# schnauze voll

## novell14

sooo

frag mich wer den scheiß Gentoo geschrieben hat?? und die dokumentation??

SAMSTAG ABEND 20 uhr fange ich an gentoo zu instalieren mit meinen kollegen --2 gleiche pc´s-- 

wir haben die dokumentation verfolgt und schritt für schritt gemacht

SONNTAG 5.30 uhr

es funktioniert NIXXXXXXXXXXXXX  :evil:  :evil:  :evil:  :evil:  :evil:  :evil:  :evil:  :evil:  :evil:  :evil:  :evil:  :evil:  :evil: 

ich komme auf mein pc nicht drauf weil ich immer "falsches passwort angebe" 

was nicht sein kann!!!

mein kollege kommt nur in den grub rein und da kommen nur haufenweise scheiße raus

super echt super

asooo

vermute stark dass dies gelöscht wird aber mir ist es dermassen vom egal....

und wenn nicht dann kommen die post vom den "PROFIS"  die meinen wir sind 14 jahre alt und sollten bei windows bleiben

also die linux community ist echt geil

----------

## pir187

hohoho, nicht gleich so böse!

wenn etwas nicht klappt, dann bin ich auch manchmal aufbrausend, aber in diesem fall wären ein paar kühle köpfe (deiner und der deines kollegen) angebacht!

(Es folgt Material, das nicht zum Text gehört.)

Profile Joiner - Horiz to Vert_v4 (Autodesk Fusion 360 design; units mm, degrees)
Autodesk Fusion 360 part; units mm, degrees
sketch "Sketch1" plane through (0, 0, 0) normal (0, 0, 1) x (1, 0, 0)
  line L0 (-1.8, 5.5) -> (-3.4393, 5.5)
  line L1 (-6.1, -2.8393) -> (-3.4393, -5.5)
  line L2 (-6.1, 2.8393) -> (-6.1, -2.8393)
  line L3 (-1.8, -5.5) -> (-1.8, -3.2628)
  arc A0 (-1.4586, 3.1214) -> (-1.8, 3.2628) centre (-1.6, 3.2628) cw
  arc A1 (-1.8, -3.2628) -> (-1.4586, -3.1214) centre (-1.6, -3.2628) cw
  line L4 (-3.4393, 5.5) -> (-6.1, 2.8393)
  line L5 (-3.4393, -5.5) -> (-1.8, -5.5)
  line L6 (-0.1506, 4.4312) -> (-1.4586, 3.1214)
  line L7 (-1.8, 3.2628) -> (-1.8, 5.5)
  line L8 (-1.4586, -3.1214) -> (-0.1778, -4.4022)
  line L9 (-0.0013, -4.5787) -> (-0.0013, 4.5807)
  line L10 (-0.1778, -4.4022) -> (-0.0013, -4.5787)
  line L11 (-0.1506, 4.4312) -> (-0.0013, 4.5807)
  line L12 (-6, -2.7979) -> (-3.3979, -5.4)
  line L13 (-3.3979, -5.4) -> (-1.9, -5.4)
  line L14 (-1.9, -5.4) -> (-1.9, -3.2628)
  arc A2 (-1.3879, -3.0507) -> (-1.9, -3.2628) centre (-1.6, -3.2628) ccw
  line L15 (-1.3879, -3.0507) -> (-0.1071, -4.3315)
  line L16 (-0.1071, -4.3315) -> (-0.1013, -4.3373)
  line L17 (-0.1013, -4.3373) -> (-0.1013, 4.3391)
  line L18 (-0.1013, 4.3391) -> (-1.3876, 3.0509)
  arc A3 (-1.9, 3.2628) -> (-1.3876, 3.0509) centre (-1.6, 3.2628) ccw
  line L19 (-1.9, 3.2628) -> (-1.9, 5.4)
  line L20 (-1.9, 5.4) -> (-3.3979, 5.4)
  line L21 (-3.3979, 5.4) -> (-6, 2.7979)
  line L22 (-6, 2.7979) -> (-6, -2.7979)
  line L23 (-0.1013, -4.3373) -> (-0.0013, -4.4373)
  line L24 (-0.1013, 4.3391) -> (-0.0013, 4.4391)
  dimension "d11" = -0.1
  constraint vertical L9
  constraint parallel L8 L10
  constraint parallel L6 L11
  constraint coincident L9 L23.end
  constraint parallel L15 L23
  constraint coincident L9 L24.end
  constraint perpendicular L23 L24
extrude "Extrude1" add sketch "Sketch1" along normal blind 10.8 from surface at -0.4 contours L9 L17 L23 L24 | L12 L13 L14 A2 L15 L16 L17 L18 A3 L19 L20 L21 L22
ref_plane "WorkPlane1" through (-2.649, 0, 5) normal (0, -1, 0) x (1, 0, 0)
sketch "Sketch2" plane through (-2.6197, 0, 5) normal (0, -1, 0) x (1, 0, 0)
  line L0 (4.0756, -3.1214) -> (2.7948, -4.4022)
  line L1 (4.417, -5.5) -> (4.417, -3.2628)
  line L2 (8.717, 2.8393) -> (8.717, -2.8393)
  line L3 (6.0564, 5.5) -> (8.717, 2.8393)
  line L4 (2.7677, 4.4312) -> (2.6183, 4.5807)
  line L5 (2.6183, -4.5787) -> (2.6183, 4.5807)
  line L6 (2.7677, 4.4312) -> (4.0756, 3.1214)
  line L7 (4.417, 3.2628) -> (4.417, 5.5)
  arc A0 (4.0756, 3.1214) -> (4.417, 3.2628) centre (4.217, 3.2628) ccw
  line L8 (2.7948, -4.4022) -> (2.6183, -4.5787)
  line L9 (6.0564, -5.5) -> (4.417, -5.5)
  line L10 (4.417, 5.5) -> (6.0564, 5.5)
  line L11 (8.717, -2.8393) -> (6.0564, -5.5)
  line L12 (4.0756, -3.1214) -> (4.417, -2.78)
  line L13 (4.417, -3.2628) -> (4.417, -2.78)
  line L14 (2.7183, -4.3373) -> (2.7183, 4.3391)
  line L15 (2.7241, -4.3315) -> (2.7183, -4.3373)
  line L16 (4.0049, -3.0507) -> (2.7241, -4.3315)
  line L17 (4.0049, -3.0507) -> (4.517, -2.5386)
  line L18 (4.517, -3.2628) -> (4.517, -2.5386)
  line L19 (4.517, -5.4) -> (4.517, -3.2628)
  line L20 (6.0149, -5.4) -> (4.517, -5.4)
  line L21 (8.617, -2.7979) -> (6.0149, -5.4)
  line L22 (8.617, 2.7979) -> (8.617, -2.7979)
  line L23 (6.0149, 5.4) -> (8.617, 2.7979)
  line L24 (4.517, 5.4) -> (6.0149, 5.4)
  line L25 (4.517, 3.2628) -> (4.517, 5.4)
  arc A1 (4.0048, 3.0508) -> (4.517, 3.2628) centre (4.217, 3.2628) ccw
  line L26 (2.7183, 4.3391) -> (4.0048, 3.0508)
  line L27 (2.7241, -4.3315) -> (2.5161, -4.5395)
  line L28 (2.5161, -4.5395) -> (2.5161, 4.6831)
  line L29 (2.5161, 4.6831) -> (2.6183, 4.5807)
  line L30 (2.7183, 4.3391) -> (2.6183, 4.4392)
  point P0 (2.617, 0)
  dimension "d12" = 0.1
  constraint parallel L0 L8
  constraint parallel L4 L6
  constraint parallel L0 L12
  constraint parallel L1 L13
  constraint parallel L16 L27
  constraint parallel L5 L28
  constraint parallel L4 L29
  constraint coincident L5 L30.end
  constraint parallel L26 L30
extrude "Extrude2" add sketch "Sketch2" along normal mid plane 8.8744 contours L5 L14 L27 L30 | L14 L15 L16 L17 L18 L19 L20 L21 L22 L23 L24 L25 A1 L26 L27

zuerst müßtest du mal mit informationen über deinen rechner, das verwendete installationsmedium (minimal-cd, universal-cd, grp-installation usw.) rüber kommen, bevor hier irgend jemand helfen kann! und es sagt auch keiner: "bleib bei windows!" wie kommst du darauf? ich habe sowas hier im gentoo-forum noch nicht gelesen.

meine erste installation ging auch in die hose, aber bei mir kam dann eher der ehrgeiz, es zu schaffen durch! also: kopf hoch und her mit den infos! dann klappt´s auch mit der installation!

mfg, pir187 (der auch kein richtiger gentoo-profi ist, sondern nur begeistert von emerge ist)

----------

## Lore

Hat doch auch niemand behauptet, das gentoo die einfachste Sache der Welt ist.

Poste doch einfach mal den "Schei$" der nach Grub so kommt, dann können wir dir sicher weiterhelfen.

Und zu dem Passwort-Problem: Vielleicht ist das Passwort richtig, aber der User falsch...

Ansonsten gilt: Ist es zu stark, bist du zu schwach  :Wink: 

----------

## Ansorg

sorry, aber so ein Posting kann ich nicht ernst nehmen. 

trotzdem ein konstruktiver Vorschlag: wenn ihr nicht bei Windows bleiben wollt und Gentoo zu kompliziert ist: Kauf 'ne Suse, Mandrake oder RedHat Distro.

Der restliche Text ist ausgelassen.